Research Group Geobiodiversity Research
Macroevolution of Climatic Niches
Emmy Noether Research Project
This page is dedicated to the Emmy Noether project „Macroevolution of climatic niches in birds“, which was awarded to Dr Susanne Fritz by the German Research Foundation (DFG, Deutsche Forschungsgemeinschaft) and ran from summer 2014 until early 2021.
The original project duration was 5 years, with a successful renewal proposal extending this to 6 years, and an additional 3-month extension due to the onset of the global COVID-19 pandemic in the final project year. Apart from the Emmy Noether group leader herself, the project employed two PhD students (3 years each) in the original project and a postdoctoral researcher (1.25 years) in the renewal phase.
Climatic niches and species’ traits in birds
How do species interact with their abiotic and biotic environment, and how can such interactions change through time? Bridging the research fields of macroecology and macroevolution, the project focussed on the ecological niches of species and the evolution of these niches over geological timescales. The ecological niche of a species encompasses all abiotic and biotic conditions where individuals of a species can survive and reproduce successfully. We studied two aspects of this niche: i) the climatic niche, i.e. the climatic conditions necessary for survival and reproduction; and ii) ecologically relevant morphological traits, which shape diet and foraging, locomotion, and habitat use, e.g. the size and shape of beak and wing. Our goal was to reveal how and why climatic niches and traits differ across species, how they evolve, and how they might be related to each other. For the project, over 500 species of birds were investigated. These constitute eight groups of passerine birds (i.e., from the order Passeriformes) selected for their mix of closely related migratory and resident species, as we also wanted to know how seasonal migration impacts climatic niches and traits.
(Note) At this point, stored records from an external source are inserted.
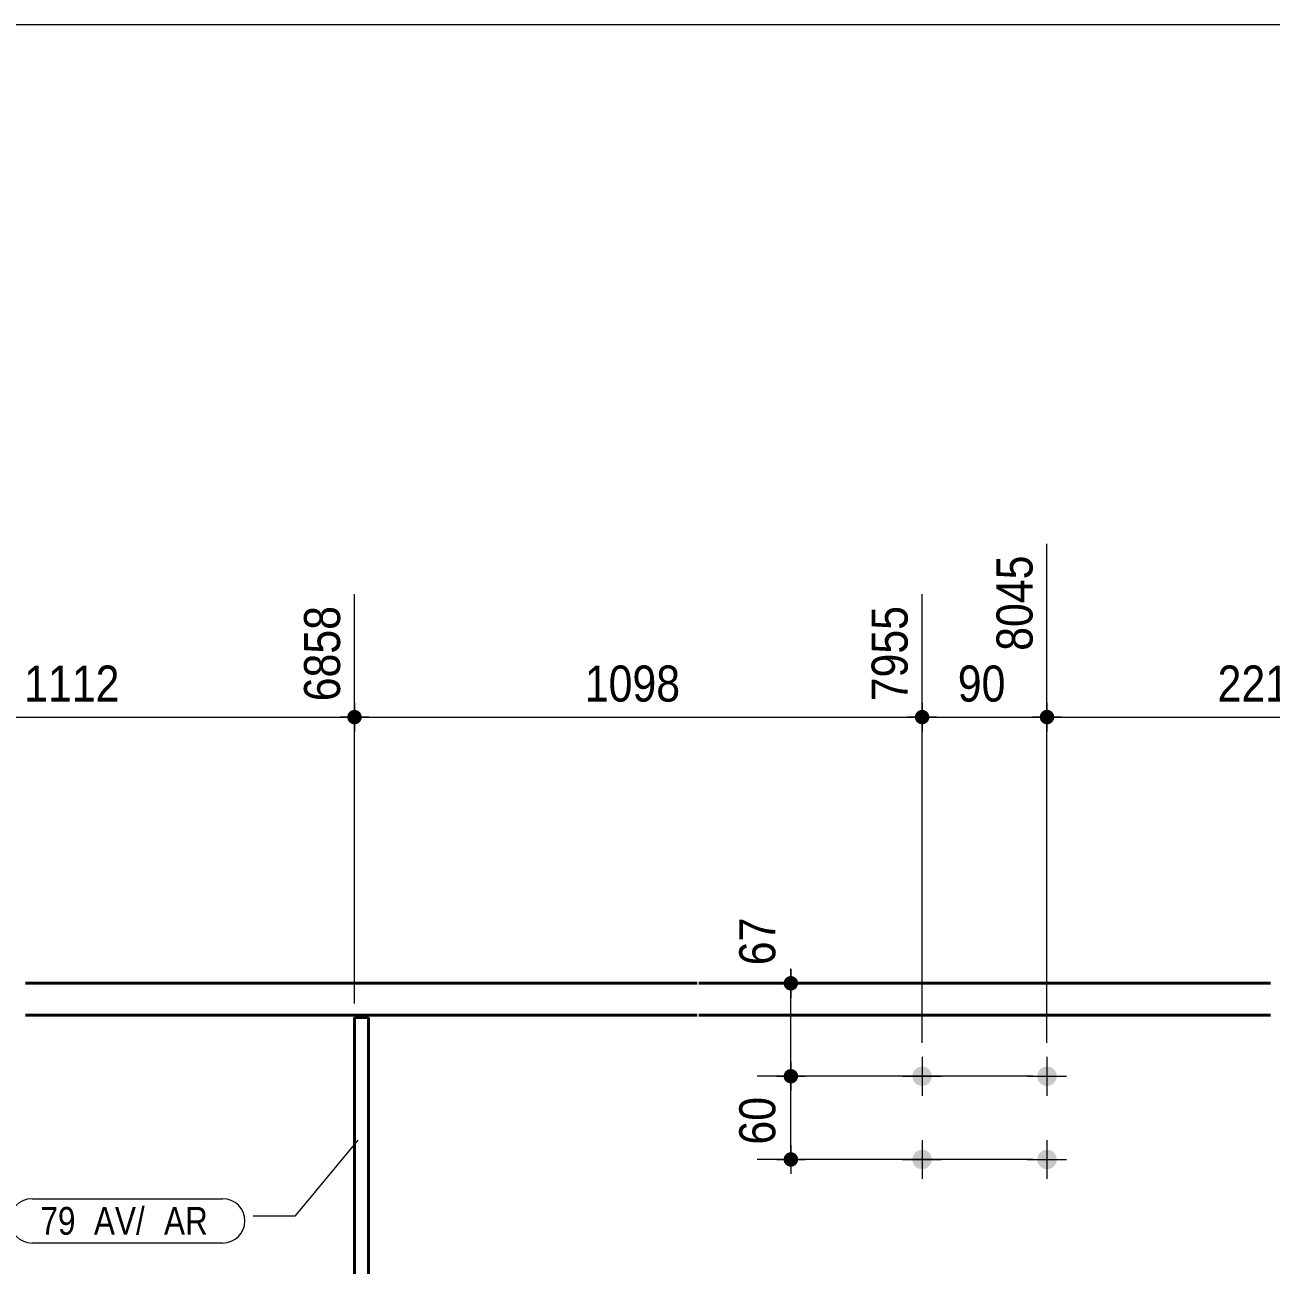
# Model space of a CAD drawing. Header units: millimetres. Extents: x 2 to 584, y 5 to 405.
# Drawn here: x 314.6 to 404.4, y 315.6 to 405 of the extents above; entities that cross this region are included whole.
import ezdxf

# ---------------------------------------------------------------- set-up
doc = ezdxf.new("R2010")
doc.units = ezdxf.units.MM
doc.linetypes.add('CACHE2', pattern=[1.190625, 0.79375, -0.396875])
for name, color, linetype, lineweight in [('Boulon', 7, 'Continuous', 0), ('Cache', 7, 'Continuous', 0), ('Cotation', 7, 'Continuous', 0), ('Feuille dessin', 5, 'Continuous', 0), ('Piece', 2, 'Continuous', 0), ('Repère pièce', 3, 'Continuous', 0)]:
    doc.layers.add(name, color=color, linetype=linetype, lineweight=lineweight)
doc.styles.add('ARIAL', font='ARIAL.TTF')
doc.styles.add('COMIC_SANS_MS', font='COMIC.TTF')

# ---------------------------------------------------------------- blocks, each defined once
blk = doc.blocks.new('*A6')
at = {"layer": 'Boulon'}
for points in [[(379.905, 329.173), (379.902, 329.139), (379.898, 329.105), (379.892, 329.071), (379.884, 329.037), (379.875, 329.004), (379.864, 328.972), (379.852, 328.939), (379.838, 328.908), (379.823, 328.877), (379.806, 328.847), (379.787, 328.818), (379.768, 328.79), (379.746, 328.763), (379.724, 328.737), (379.7, 328.712), (379.675, 328.689), (379.649, 328.666), (379.622, 328.645), (379.594, 328.625), (379.565, 328.607), (379.535, 328.59), (379.505, 328.575), (379.473, 328.561), (379.441, 328.548), (379.409, 328.537), (379.375, 328.528), (379.342, 328.521), (379.308, 328.515), (379.274, 328.511), (379.24, 328.508), (379.205, 328.507), (379.171, 328.508), (379.137, 328.511), (379.103, 328.515), (379.069, 328.521), (379.035, 328.528), (379.002, 328.537), (378.97, 328.548), (378.937, 328.561), (378.906, 328.575), (378.875, 328.59), (378.846, 328.607), (378.816, 328.625), (378.788, 328.645), (378.761, 328.666), (378.735, 328.689), (378.71, 328.712), (378.687, 328.737), (378.664, 328.763), (378.643, 328.79), (378.623, 328.818), (378.605, 328.847), (378.588, 328.877), (378.573, 328.908), (378.559, 328.939), (378.546, 328.972), (378.536, 329.004), (378.526, 329.037), (378.519, 329.071), (378.513, 329.105), (378.509, 329.139), (378.506, 329.173), (378.505, 329.207), (378.506, 329.242), (378.509, 329.276), (378.513, 329.31), (378.519, 329.344), (378.526, 329.377), (378.536, 329.411), (378.546, 329.443), (378.559, 329.475), (378.573, 329.507), (378.588, 329.537), (378.605, 329.567), (378.623, 329.596), (378.643, 329.624), (378.664, 329.651), (378.687, 329.677), (378.71, 329.702), (378.735, 329.726), (378.761, 329.748), (378.788, 329.77), (378.816, 329.789), (378.846, 329.808), (378.875, 329.825), (378.906, 329.84), (378.937, 329.854), (378.97, 329.866), (379.002, 329.877), (379.035, 329.886), (379.069, 329.894), (379.103, 329.9), (379.137, 329.904), (379.171, 329.906), (379.205, 329.907), (379.24, 329.906), (379.274, 329.904), (379.308, 329.9), (379.342, 329.894), (379.375, 329.886), (379.409, 329.877), (379.441, 329.866), (379.473, 329.854), (379.505, 329.84), (379.535, 329.825), (379.565, 329.808), (379.594, 329.789), (379.622, 329.77), (379.649, 329.748), (379.675, 329.726), (379.7, 329.702), (379.724, 329.677), (379.746, 329.651), (379.768, 329.624), (379.787, 329.596), (379.806, 329.567), (379.823, 329.537), (379.838, 329.507), (379.852, 329.475), (379.864, 329.443), (379.875, 329.411), (379.884, 329.377), (379.892, 329.344), (379.898, 329.31), (379.902, 329.276), (379.905, 329.242), (379.905, 329.207)], [(379.905, 323.173), (379.902, 323.139), (379.898, 323.105), (379.892, 323.071), (379.884, 323.037), (379.875, 323.004), (379.864, 322.972), (379.852, 322.939), (379.838, 322.908), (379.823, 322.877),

Diversity dynamics in space and time
Taking an even broader perspective, we also analysed different aspects of biological diversity, such as species richness and trait diversity. We were interested to see how the number of species (richness) in a place is related to its environmental conditions, and studied this along different elevational gradients (Andes, Mount Kilimanjaro) in birds and globally in terrestrial vertebrates (birds, mammals, and amphibians). In many of these studies, we compared richness to trait diversity, i.e. which traits the species in a place or group have and how different these traits are from each other. This was done to understand how environmental conditions might select which species with specific traits can occur and interact with each other in a given place. We also investigated how richness and trait patterns and their relationships with climatic conditions change through time, e.g. among seasons in birds across the world, or over geological timescales in fossil mammals of the Neogene (roughly 23-2 million years ago) across North America and Europe.
Scientific results
Please see the drop-out menu below for our selection of important results and publications, as well as links to press releases that explain specific results in more general terms.
Achievements in numbers
We compiled and linked extensive global datasets of geographic occurrences of living species, climatic conditions, species’ traits, and species-level molecular phylogenies (i.e. „family trees“ of species that show evolutionary relationships and timing of divergence). Most of these are for eight selected groups of birds (ca. 500 species), and some are global for all non-marine birds (ca. 10,100 species). We also compiled and investigated data from the fossil record, in particular >12,000 occurrence records for ca. 690 genera of large mammals. We published >25 peer-reviewed publications to date, including in high-impact journals, and disseminated our work at >20 scientific conferences and through six press releases (see links below). Both students in the project have been awarded a PhD from Goethe University Frankfurt, and four additional completed PhD theses, two theses in the MSc Ecology and Evolution, and two theses in the BSc Biological Sciences were associated with the project.